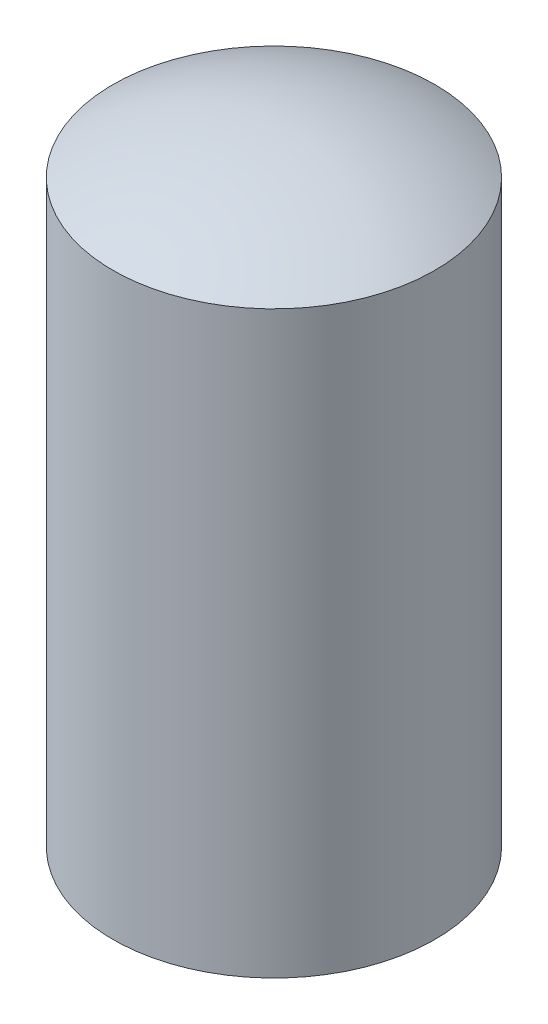
ISO-10303-21;
HEADER;
FILE_DESCRIPTION(('STEP AP214'),'2;1');
FILE_NAME('part.step','',(''),(''),'','','');
FILE_SCHEMA(('AUTOMOTIVE_DESIGN { 1 0 10303 214 1 1 1 1 }'));
ENDSEC;
DATA;
#1=APPLICATION_CONTEXT('core data for automotive mechanical design processes');
#2=APPLICATION_PROTOCOL_DEFINITION('international standard','automotive_design',2000,#1);
#3=PRODUCT_CONTEXT('',#1,'mechanical');
#4=PRODUCT('Part','Part','',(#3));
#5=PRODUCT_RELATED_PRODUCT_CATEGORY('part','',(#4));
#6=PRODUCT_DEFINITION_FORMATION('','',#4);
#7=PRODUCT_DEFINITION_CONTEXT('part definition',#1,'design');
#8=PRODUCT_DEFINITION('design','',#6,#7);
#9=PRODUCT_DEFINITION_SHAPE('','',#8);
#10=(LENGTH_UNIT() NAMED_UNIT(*) SI_UNIT(.MILLI.,.METRE.));
#11=(NAMED_UNIT(*) PLANE_ANGLE_UNIT() SI_UNIT($,.RADIAN.));
#12=(NAMED_UNIT(*) SI_UNIT($,.STERADIAN.) SOLID_ANGLE_UNIT());
#13=UNCERTAINTY_MEASURE_WITH_UNIT(LENGTH_MEASURE(1.E-05),#10,'distance_accuracy_value','');
#14=(GEOMETRIC_REPRESENTATION_CONTEXT(3) GLOBAL_UNCERTAINTY_ASSIGNED_CONTEXT((#13)) GLOBAL_UNIT_ASSIGNED_CONTEXT((#10,
#11,#12)) REPRESENTATION_CONTEXT('',''));
#15=CARTESIAN_POINT('',(0.,0.,0.));
#16=DIRECTION('',(0.,0.,1.));
#17=DIRECTION('',(1.,0.,0.));
#18=AXIS2_PLACEMENT_3D('',#15,#16,#17);
#19=CARTESIAN_POINT('',(0.,27.6019237886467,0.9));
#20=DIRECTION('',(1.,0.,0.));
#21=DIRECTION('',(0.,1.,0.));
#22=AXIS2_PLACEMENT_3D('',#19,#20,#21);
#23=SPHERICAL_SURFACE('',#22,3.);
#24=CARTESIAN_POINT('',(0.,27.6019237886467,0.9));
#25=DIRECTION('',(0.,-1.,0.));
#26=DIRECTION('',(0.,0.,-1.));
#27=AXIS2_PLACEMENT_3D('',#24,#25,#26);
#28=SPHERICAL_SURFACE('',#27,3.);
#29=CARTESIAN_POINT('',(0.,30.2,0.9));
#30=DIRECTION('',(0.,-1.,0.));
#31=DIRECTION('',(0.,0.,-1.));
#32=AXIS2_PLACEMENT_3D('',#29,#30,#31);
#33=CIRCLE('',#32,1.5);
#34=CARTESIAN_POINT('',(0.,30.2,-0.6));
#35=VERTEX_POINT('',#34);
#36=EDGE_CURVE('E11',#35,#35,#33,.T.);
#37=ORIENTED_EDGE('',*,*,#36,.F.);
#38=EDGE_LOOP('',(#37));
#39=FACE_BOUND('',#38,.T.);
#40=ADVANCED_FACE('F17',(#39),#28,.T.);
#41=CARTESIAN_POINT('',(0.,27.3980762113533,0.9));
#42=DIRECTION('',(1.,0.,0.));
#43=DIRECTION('',(0.,-1.,0.));
#44=AXIS2_PLACEMENT_3D('',#41,#42,#43);
#45=SPHERICAL_SURFACE('',#44,3.);
#46=CARTESIAN_POINT('',(0.,27.3980762113533,0.9));
#47=DIRECTION('',(0.,-1.,0.));
#48=DIRECTION('',(0.,0.,-1.));
#49=AXIS2_PLACEMENT_3D('',#46,#47,#48);
#50=SPHERICAL_SURFACE('',#49,3.);
#51=CARTESIAN_POINT('',(0.,24.8,0.9));
#52=DIRECTION('',(0.,-1.,0.));
#53=DIRECTION('',(0.,0.,-1.));
#54=AXIS2_PLACEMENT_3D('',#51,#52,#53);
#55=CIRCLE('',#54,1.5);
#56=CARTESIAN_POINT('',(0.,24.8,-0.6));
#57=VERTEX_POINT('',#56);
#58=EDGE_CURVE('E20',#57,#57,#55,.T.);
#59=ORIENTED_EDGE('',*,*,#58,.T.);
#60=EDGE_LOOP('',(#59));
#61=FACE_BOUND('',#60,.T.);
#62=ADVANCED_FACE('F39',(#61),#50,.T.);
#63=CARTESIAN_POINT('',(0.,26.15,0.9));
#64=DIRECTION('',(0.,-1.,0.));
#65=DIRECTION('',(0.,0.,-1.));
#66=AXIS2_PLACEMENT_3D('',#63,#64,#65);
#67=CYLINDRICAL_SURFACE('',#66,1.5);
#68=ORIENTED_EDGE('',*,*,#36,.T.);
#69=EDGE_LOOP('',(#68));
#70=FACE_BOUND('',#69,.T.);
#71=ORIENTED_EDGE('',*,*,#58,.F.);
#72=EDGE_LOOP('',(#71));
#73=FACE_BOUND('',#72,.T.);
#74=ADVANCED_FACE('F51',(#70,#73),#67,.T.);
#75=CLOSED_SHELL('',(#40,#62,#74));
#76=MANIFOLD_SOLID_BREP('B1',#75);
#77=ADVANCED_BREP_SHAPE_REPRESENTATION('',(#18,#76),#14);
#78=SHAPE_DEFINITION_REPRESENTATION(#9,#77);
ENDSEC;
END-ISO-10303-21;

•••

| Work to be completed |
The required output is a verbatim repetition of the lines from the opening of the entries above through the line containing "#19=CARTESIAN_POINT('',(0.,27.6019237886467,0.9));", inclusive, with no pictures and nothing else.

| Exercise response |
ISO-10303-21;
HEADER;
FILE_DESCRIPTION(('STEP AP214'),'2;1');
FILE_NAME('part.step','',(''),(''),'','','');
FILE_SCHEMA(('AUTOMOTIVE_DESIGN { 1 0 10303 214 1 1 1 1 }'));
ENDSEC;
DATA;
#1=APPLICATION_CONTEXT('core data for automotive mechanical design processes');
#2=APPLICATION_PROTOCOL_DEFINITION('international standard','automotive_design',2000,#1);
#3=PRODUCT_CONTEXT('',#1,'mechanical');
#4=PRODUCT('Part','Part','',(#3));
#5=PRODUCT_RELATED_PRODUCT_CATEGORY('part','',(#4));
#6=PRODUCT_DEFINITION_FORMATION('','',#4);
#7=PRODUCT_DEFINITION_CONTEXT('part definition',#1,'design');
#8=PRODUCT_DEFINITION('design','',#6,#7);
#9=PRODUCT_DEFINITION_SHAPE('','',#8);
#10=(LENGTH_UNIT() NAMED_UNIT(*) SI_UNIT(.MILLI.,.METRE.));
#11=(NAMED_UNIT(*) PLANE_ANGLE_UNIT() SI_UNIT($,.RADIAN.));
#12=(NAMED_UNIT(*) SI_UNIT($,.STERADIAN.) SOLID_ANGLE_UNIT());
#13=UNCERTAINTY_MEASURE_WITH_UNIT(LENGTH_MEASURE(1.E-05),#10,'distance_accuracy_value','');
#14=(GEOMETRIC_REPRESENTATION_CONTEXT(3) GLOBAL_UNCERTAINTY_ASSIGNED_CONTEXT((#13)) GLOBAL_UNIT_ASSIGNED_CONTEXT((#10,
#11,#12)) REPRESENTATION_CONTEXT('',''));
#15=CARTESIAN_POINT('',(0.,0.,0.));
#16=DIRECTION('',(0.,0.,1.));
#17=DIRECTION('',(1.,0.,0.));
#18=AXIS2_PLACEMENT_3D('',#15,#16,#17);
#19=CARTESIAN_POINT('',(0.,27.6019237886467,0.9));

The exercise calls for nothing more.